Bing your make this look routine....And it is not in any way...As usual clean, neat and I am guessing awsome in the sound department...Great work , can't wait to see whats next..


----------



## papasin (Jan 24, 2011)

Looks like it rolled right out of the factory, great fit and finish as always.


----------



## ecbmxer (Dec 1, 2010)

Great install! (and car) 

I saw you used the Gladen One amps. Have you checked out the 120.4 that has the DSP in it? I just saw it on their website and thought it was interesting.


----------



## nepl29 (Mar 25, 2007)

Nice install Bing. You might also want to post this log in e90post and m3post audio forums.

ConnectedDrive/Audio/Video/Electronics/Bluetooth/I-Drive & Nav - BMW M3 Forum (E90 E92)
AUDIO/VIDEO + BLUETOOTH + Electronics/Alarm/Software - E90Post - BMW 3-Series (E90 E92) Forum


----------



## simplicityinsound (Feb 2, 2007)

i am on e90, but i usually like to have the customers post, i dont want to run foul of the forum rules 

i never used the ones with the built in DSP becuase at the price they are at, and the power coinfiguration they offer, i feel better suited using an external dsp and just the normal amps 

gives me a bit more flexibility.

now if they can build the DSPs into the AS line...i may just have to change my mind


----------



## DJTrevLuv (Apr 15, 2008)

Great job! Looks awesome.


----------



## cartmann32 (Sep 30, 2009)

Great Build as always Bing!


----------



## 83corolla (Nov 5, 2009)

You do amazing work, great everything going in that car. Lucky owner.


----------



## bradknob (Oct 26, 2009)

Unreal, u make it look so effortless. Beautiful install.


I know its been asked, but i couldnt find it in ur other threads. Where do you get the blue plastic you use around the speaker rings?


----------



## simplicityinsound (Feb 2, 2007)

i get low heat platic from selectproducts.

i dont know where else you can get it but ia m sure its out there.

but i would say, find your local stinger dealer and ask to buy a sheet from them.

One time a bunch of people asked if i can order a bunch of sheets and they would buy them, but by the time i got em here, only one person ended up taking one...so that was my last attempt at ordering for people haha, its been a while and i still am burning through that extra stock


----------



## bradknob (Oct 26, 2009)

LOl, see what heppens when u try to help people out. im playing. thanks for the info!


----------



## rain27 (Jan 15, 2009)

Bing,

When you say "less than ideal stock locations", are you referring to the midbass under the seat? 

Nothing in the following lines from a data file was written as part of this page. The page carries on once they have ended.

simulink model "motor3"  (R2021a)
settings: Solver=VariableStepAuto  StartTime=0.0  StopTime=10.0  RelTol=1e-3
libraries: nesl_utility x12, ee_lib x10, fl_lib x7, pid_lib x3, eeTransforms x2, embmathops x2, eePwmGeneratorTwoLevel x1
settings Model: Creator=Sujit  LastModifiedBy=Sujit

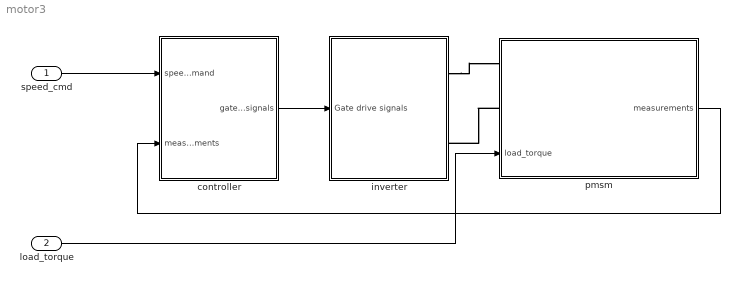
== system motor3 ==
  speed_cmd : Inport
  load_torque : Inport  Port=2
  controller : Subsystem
  inverter : Subsystem
  pmsm : Subsystem
      settings: PortSchema="{\"entries\":[{\"content\":{\"sides\":[{\"content\":{\"connectorIds\":[\"LConn1\",\"LConn2\",\"In1\"]},\"type\":\"ConnectorPlacement.EquallySpacedRectSide\",\"uuid\":\"9aa95156-5b90-445e-ac58-1a81c189d6db\"},{\"content\":{\"connectorIds\":[\"Out1\"],\"side\":\"RIGHT\"},\"type\":\"ConnectorPlacement.EquallySpacedRectSide\",\"uuid\":\"e0f82fa8-5145-4e03-9494-9a86df107329\"},{\"content\":{\"connectorIds\":[],\"side\":\"TOP\"},\"type\":\"ConnectorPlacement.EquallySpacedRectSide\",\"uuid\":\"ed322135-5092-4528-967b-f1137f8969df\"}]},\"type\":\"ConnectorPlacement.EquallySpacedConnector\",\"uuid\":\"a6e6cb3b-bfcb-454a-ab1c-5c06ba05c769\"}],\"packageUris\":[\"http://schema.mathworks.com/mf0/Connector/R2020b\"],\"version\":\"1.0\"}"
  wires:
  load_torque/1 -> pmsm/1(load_torque)
  pmsm/1(measurements) -> controller/2(measurements)
  speed_cmd/1 -> controller/1(speed_command)
  controller/1(gate_signals) -> inverter/1(Gate drive signals)
  connections:
  inverter/RConn1 -- pmsm/LConn1
  pmsm/LConn2 -- inverter/RConn2

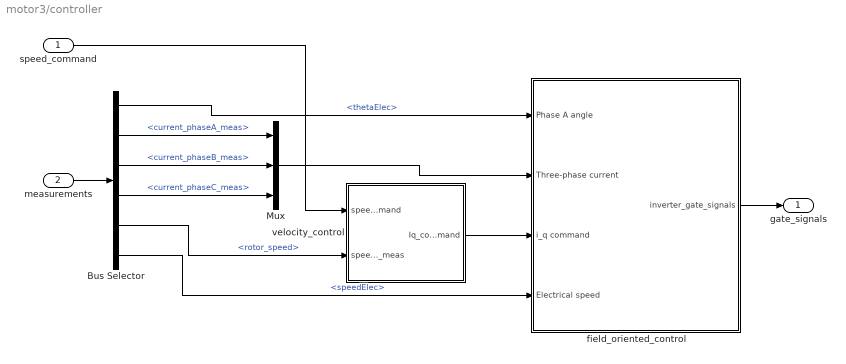
== system motor3/controller ==
  speed_command : Inport
  measurements : Inport  Port=2
  Bus Selector : BusSelector  OutputSignals=thetaElec,current_phaseA_meas,current_phaseB_meas,current_phaseC_meas,rotor_speed,speedElec
  Mux : Mux  Inputs=3
  field_oriented_control : Subsystem
  velocity_control : Subsystem
  gate_signals : Outport
  wires:
  velocity_control/1(Iq_command) -> field_oriented_control/3(i_q command)
  speed_command/1 -> velocity_control/1(speed_command)
  measurements/1 -> Bus Selector/1
  Bus Selector/5 -> velocity_control/2(speed_meas)  "<rotor_speed>"
  Bus Selector/2 -> Mux/1  "<current_phaseA_meas>"
  Bus Selector/3 -> Mux/2  "<current_phaseB_meas>"
  Bus Selector/4 -> Mux/3  "<current_phaseC_meas>"
  Mux/1 -> field_oriented_control/2(Three-phase current)
  field_oriented_control/1(inverter_gate_signals) -> gate_signals/1
  Bus Selector/1 -> field_oriented_control/1(Phase A angle)  "<thetaElec>"
  Bus Selector/6 -> field_oriented_control/4(Electrical speed)  "<speedElec>"

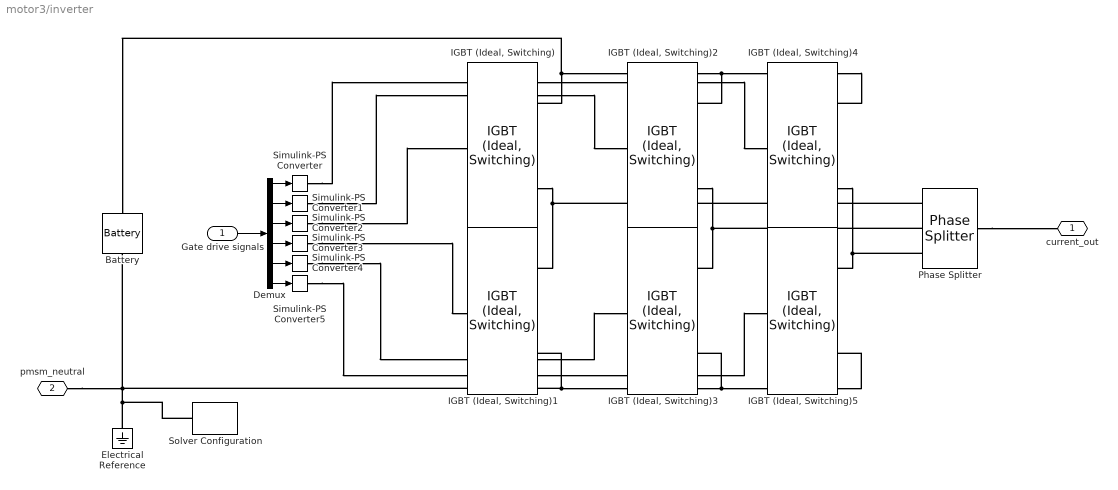
== system motor3/inverter ==
  Gate drive signals : Inport
  Battery : ee_lib/Sources/Battery  Vnom=400 V  prm_dir=1  R1_dis=2 Ohm  R1_ch=2 Ohm  R1=2 Ohm  prm_AH=1  AH=50 hr*A  V1=11.5 V  AH1=25 hr*A  prm_R2=1  R2=2000 Ohm  prm_dyn=1  Rp1=0.005 Ohm  tau1=30 s  Rp2=0.005 Ohm  tau2=30 s  Rp3=0.005 Ohm  tau3=30 s  Rp4=0.005 Ohm  tau4=30 s  Rp5=0.005 Ohm  tau5=30 s  prm_fade=1  N_fade=100  AH_fade=45 hr*A  R1_fade=2.02 Ohm  R1_ch_fade=2.02 Ohm  V1_fade=10.35 V  prm_age=1  prm_age_OCV=1  OCV_age=0.9  SOC_age=60  Tmeas_age=298.15 K  delta_time_age_vec=[0] d  temperature_age_vec=[273] K  OCV_scaling_age=2.2134e6  OCV_offset_age=1.632e6  temp_exp_age=0.515833569 V  t_exp_age=0.75  i_specify=off  i_priority=None  i=0 A  i_nominal_specify=off  i_nominal_unit=A  i_nominal_value=1  v_specify=off  v_priority=None  v=0 V  v_nominal_specify=off  v_nominal_unit=V  v_nominal_value=1  charge_specify=off  charge_priority=High  charge=50 hr*A  charge_nominal_specify=off  charge_nominal_unit=hr*A  charge_nominal_value=1  num_cycles_specify=off  num_cycles_priority=High  num_cycles=0  num_cycles_nominal_specify=off  num_cycles_nominal_unit=1  num_cycles_nominal_value=1  thermal_mass=30000 J/K  Tmeas=298.15 K  Vnom_T2=12 V  R1_T2=2.2 Ohm  R1_T2_dis=2.2 Ohm  R1_T2_ch=2.2 Ohm  V1_T2=11.4 V  R2_T2=2200 Ohm  Rp1_T2=0.005 Ohm  tau1_T2=30 s  Rp2_T2=0.005 Ohm  tau2_T2=30 s  Rp3_T2=0.005 Ohm  tau3_T2=30 s  Rp4_T2=0.005 Ohm  tau4_T2=30 s  Rp5_T2=0.005 Ohm  tau5_T2=30 s  Tmeas2=273.15 K  temperature_specify=off  temperature_priority=High  temperature=298.15 K  temperature_nominal_specify=off  temperature_nominal_unit=K  temperature_nominal_value=1
  Demux : Demux  Outputs=6
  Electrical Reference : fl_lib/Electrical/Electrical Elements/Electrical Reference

It would seem like the tweeter in the sail panels and the midrange high up on the door would work well.


----------



## simplicityinsound (Feb 2, 2007)

rain27 said:


> Bing,
> 
> When you say "less than ideal stock locations", are you referring to the midbass under the seat?
> 
> It would seem like the tweeter in the sail panels and the midrange high up on the door would work well.


yeah midbass underseat for sure, i also dont like the halfway up the door location for midrange, to me thats the most important driver in the whole set, and i would like to have better PLD for it ideally 

b


----------



## lscamaro (Aug 31, 2012)

I have to say, you might do the most amazing and clean installs I've ever seen. I love your attention to detail and how everything looks so stock. I wish I could find someone who does half of what you do in my area!


----------



## simplicityinsound (Feb 2, 2007)

lscamaro said:


> I have to say, you might do the most amazing and clean installs I've ever seen. I love your attention to detail and how everything looks so stock. I wish I could find someone who does half of what you do in my area!


thanks  I just try to make up for my relatively lack of fabrication skills with as much attention to detail as my mind can muster


----------



## lscamaro (Aug 31, 2012)

Lack of fabrication skills? I wish I could fabricate the way you do! If I could get an install half as good as this one in my Camaro, I'd be happy!


----------